Morgan Stanley’s Spot Bitcoin ETF Move Draws Criticism
08/13/2024 04:01Author John Reed Stark said the firm's decision to allow its advisors to offer spot bitcoin ETFs to clients could result in regulatory scrutiny.
Financial services industry consultant John Reed Stark is warning Morgan Stanley that its decision to allow wealth advisors to recommend spot bitcoin ETFs to clients will unleash a wave of regulatory scrutiny.
Stark, president of his own Bethesda, Md.-based consulting firm, did not respond to requests for comment for this story, but posted on X last week that by allowing some of its 15,000 advisors to solicit clients to buy select spot bitcoin ETFs, Morgan Stanley “has just voluntarily subjected themselves to what will likely become the largest SEC and Finra examination sweep in history.”
Stark, author of the 2016 book ‘The Cybersecurity Due Diligence Handbook,’ stirred strong opinions on both sides of the cryptocurrency debate.
“This guy has been against crypto since day one, and he has taken a lot of Ls,” said Eric Balchunas, senior ETF analyst at Bloomberg Intelligence.
“It’s hard to take him too seriously because he doesn’t say how a Morgan Stanley advisor could get into trouble, he just says they could,” he added.
New York-based Morgan Stanley, which declined to comment for this story, last week became the first major brokerage firm to give advisors permission to solicit clients to purchase two of the nine existing spot bitcoin ETFs, the $9.7 billion Fidelity Wise Origin Bitcoin Fund (FBTC) and the $19 billion iShares Bitcoin Trust (IBIT).
Morgan Stanley will allow advisors to offer the bitcoin ETFs only to clients with at least $1.5 million worth of investable assets.
Balchunas speculated that some of Stark’s issue with spot bitcoin ETFs is that the underlying asset doesn’t generate income or pay a dividend like most investments.

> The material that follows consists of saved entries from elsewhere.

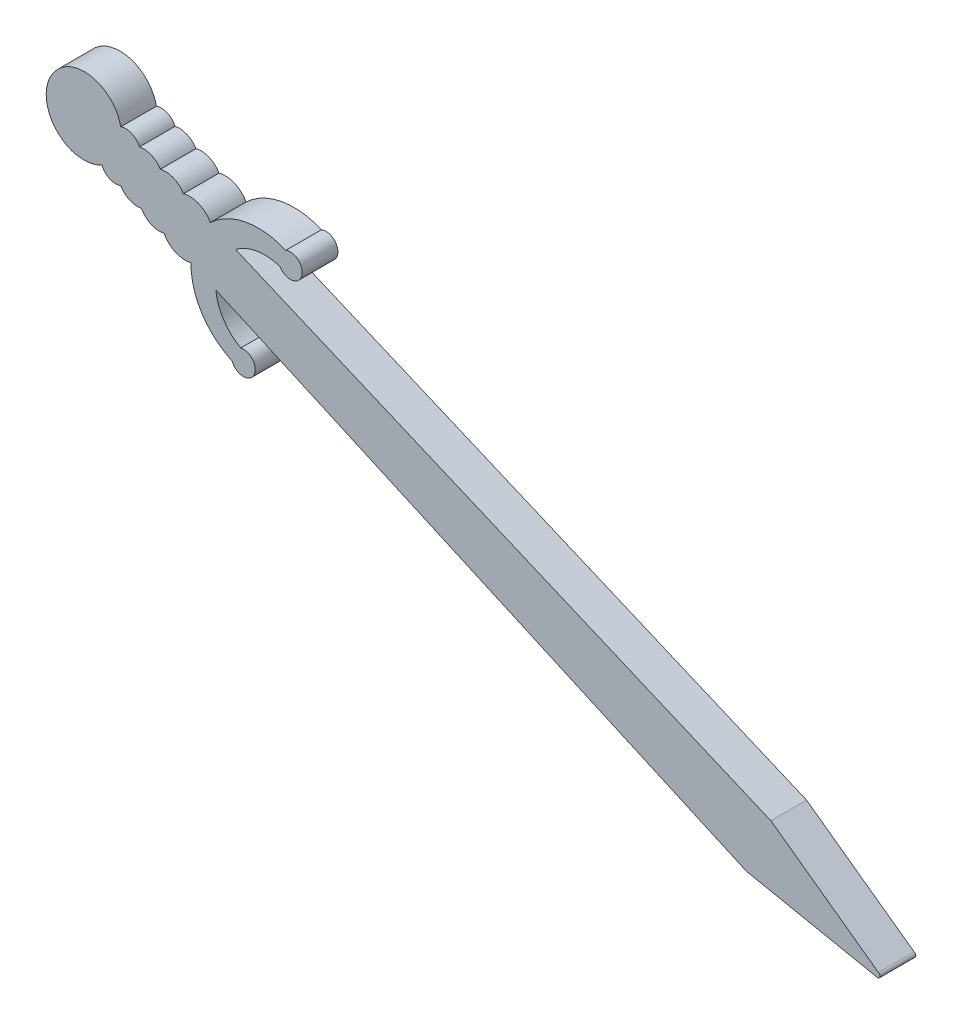
from build123d import *

# Parameters (mm, degrees)
SALIENTE_EXTRUIR1_DEPTH = 3


with BuildPart() as part:
    # Model → Saliente-Extruir1 (new body)
    with BuildSketch(Plane.XY):
        with BuildLine():
            Line((66.714016933, 2.675368226), (68.538077011, 2.306726339))
            ThreePointArc((68.538077011, 2.306726339), (68.813397969, 2.426362589), (68.69376172, 2.701683548))
            Line((68.69376172, 2.701683548), (59.642778757, 9.23296694))
            Line((59.642778757, 9.23296694), (18.229236322, 26.798350869))
            Line((18.229236322, 26.798350869), (14.628932536, 28.325404932))
            ThreePointArc((14.628932536, 28.325404932), (16.425259576, 29.101436048), (18.375877707, 28.946181294))
            ThreePointArc((18.375877707, 28.946181294), (20.18694444, 29.13171328), (18.856885424, 30.37482544))
            ThreePointArc((18.856885424, 30.37482544), (15.51300149, 30.748167733), (12.514190479, 29.22236409))
            ThreePointArc((12.514190479, 29.22236409), (11.546461676, 30.101035899), (10.242109559, 30.186057881))
            ThreePointArc((10.242109559, 30.186057881), (9.413998041, 30.920271825), (8.310546545, 31.005322399))
            ThreePointArc((8.310546545, 31.005322399), (7.548095898, 31.654909282), (6.551125432, 31.751573638))
            ThreePointArc((6.551125432, 31.751573638), (5.898852104, 32.399314767), (4.980282277, 32.434790623))
            ThreePointArc((4.980282277, 32.434790623), (2.50269425, 34.859987429), (-0.691279819, 33.511450585))
            ThreePointArc((-0.691279819, 33.511450585), (-1.245238827, 31.123095112), (0.062521474, 29.0492399))
            ThreePointArc((0.062521474, 29.0492399), (0.732684306, 28.668767636), (1.483760549, 28.496251432))
            ThreePointArc((1.483760549, 28.496251432), (2.467023265, 28.521711274), (3.395589179, 28.846086231))
            ThreePointArc((3.395589179, 28.846086231), (4.04475241, 28.180155342), (4.973767828, 28.137644119))
            ThreePointArc((4.973767828, 28.137644119), (5.722549371, 27.472346961), (6.71729481, 27.354977378))
            ThreePointArc((6.71729481, 27.354977378), (7.529963713, 26.603706418), (8.63140861, 26.495734463))
            ThreePointArc((8.63140861, 26.495734463), (9.580661475, 25.59713434), (10.88296417, 25.485014428))
            ThreePointArc((10.88296417, 25.485014428), (11.803253278, 22.248656569), (14.350721609, 20.050623508))
            ThreePointArc((14.350721609, 20.050623508), (16.16662002, 19.920632003), (15.071202926, 21.374745554))
            ThreePointArc((15.071202926, 21.374745554), (13.631015332, 22.699462439), (12.978602224, 24.544285537))
            Line((12.978602224, 24.544285537), (16.546381847, 22.942714426))
            Line((16.546381847, 22.942714426), (57.585805628, 4.520176455))
            Line((57.585805628, 4.520176455), (66.714016933, 2.675368226))
        make_face()
    extrude(amount=SALIENTE_EXTRUIR1_DEPTH)


solid = part.part

“Most people buying crypto don’t care that it doesn’t have dividends or income; they’re looking for something to protect them from government interference,” he said, and cited as an example gold ETFs, which also don’t generate income or pay dividends.
Svetlin Krastev, founder of Black Sea Gold Advisors in Kingston, N.Y., doesn’t think spot bitcoin ETFs will introduce any unique regulatory oversight, considering that they have already gone through multiple rounds of scrutiny in the approval process.
“They are offering a product that is approved by the SEC, so I don’t understand why that would be inviting regulatory scrutiny,” he said.
Increased Regulatory Scrutiny?
But Noah Damsky, principal at Marina Wealth Advisors in Los Angeles and a crypto skeptic, sees the potential of regulators “going after low-hanging fruit” when volatility leads to the kind of big drops that bitcoin had just last week.
“The challenging part about crypto investing is I’m not sure there’s enough data across different market cycles,” he said. “When the Nasdaq was down 3% last week, bitcoin was down 6%. To me this looks like a leveraged beta play.”
Such wild rides are what concern Adam Gana, a New York-based securities lawyer with Gana Weinstein.
“When you start selling bitcoin to Main Street investors, you will find a lot of arbitration to follow,” he said. “I’m confident we’ll be looking back at this, five-to-10 years from now, and saying we told you so.”
Ric Edelman, founder of the Digital Assets Council of Financial Professionals and a member of the etf.com advisory board, dedicated a large portion of his podcast this week to dispelling some of Stark’s claims related to how selling bitcoin violates standards upheld by the CFP Board.
“If you’re a Morgan Stanley FA, if you’re a CFP at Morgan Stanley, heck, if you’re a CFP anywhere, if you’re a financial advisor at any firm, you need to realize that (Stark) has no credibility, is dead wrong about crypto, hates crypto and is for some unexplained reason is simply trying to scare you away from doing what you need to be doing to serve your client’s best interests,” Edelman said. “You need to completely ignore” Stark.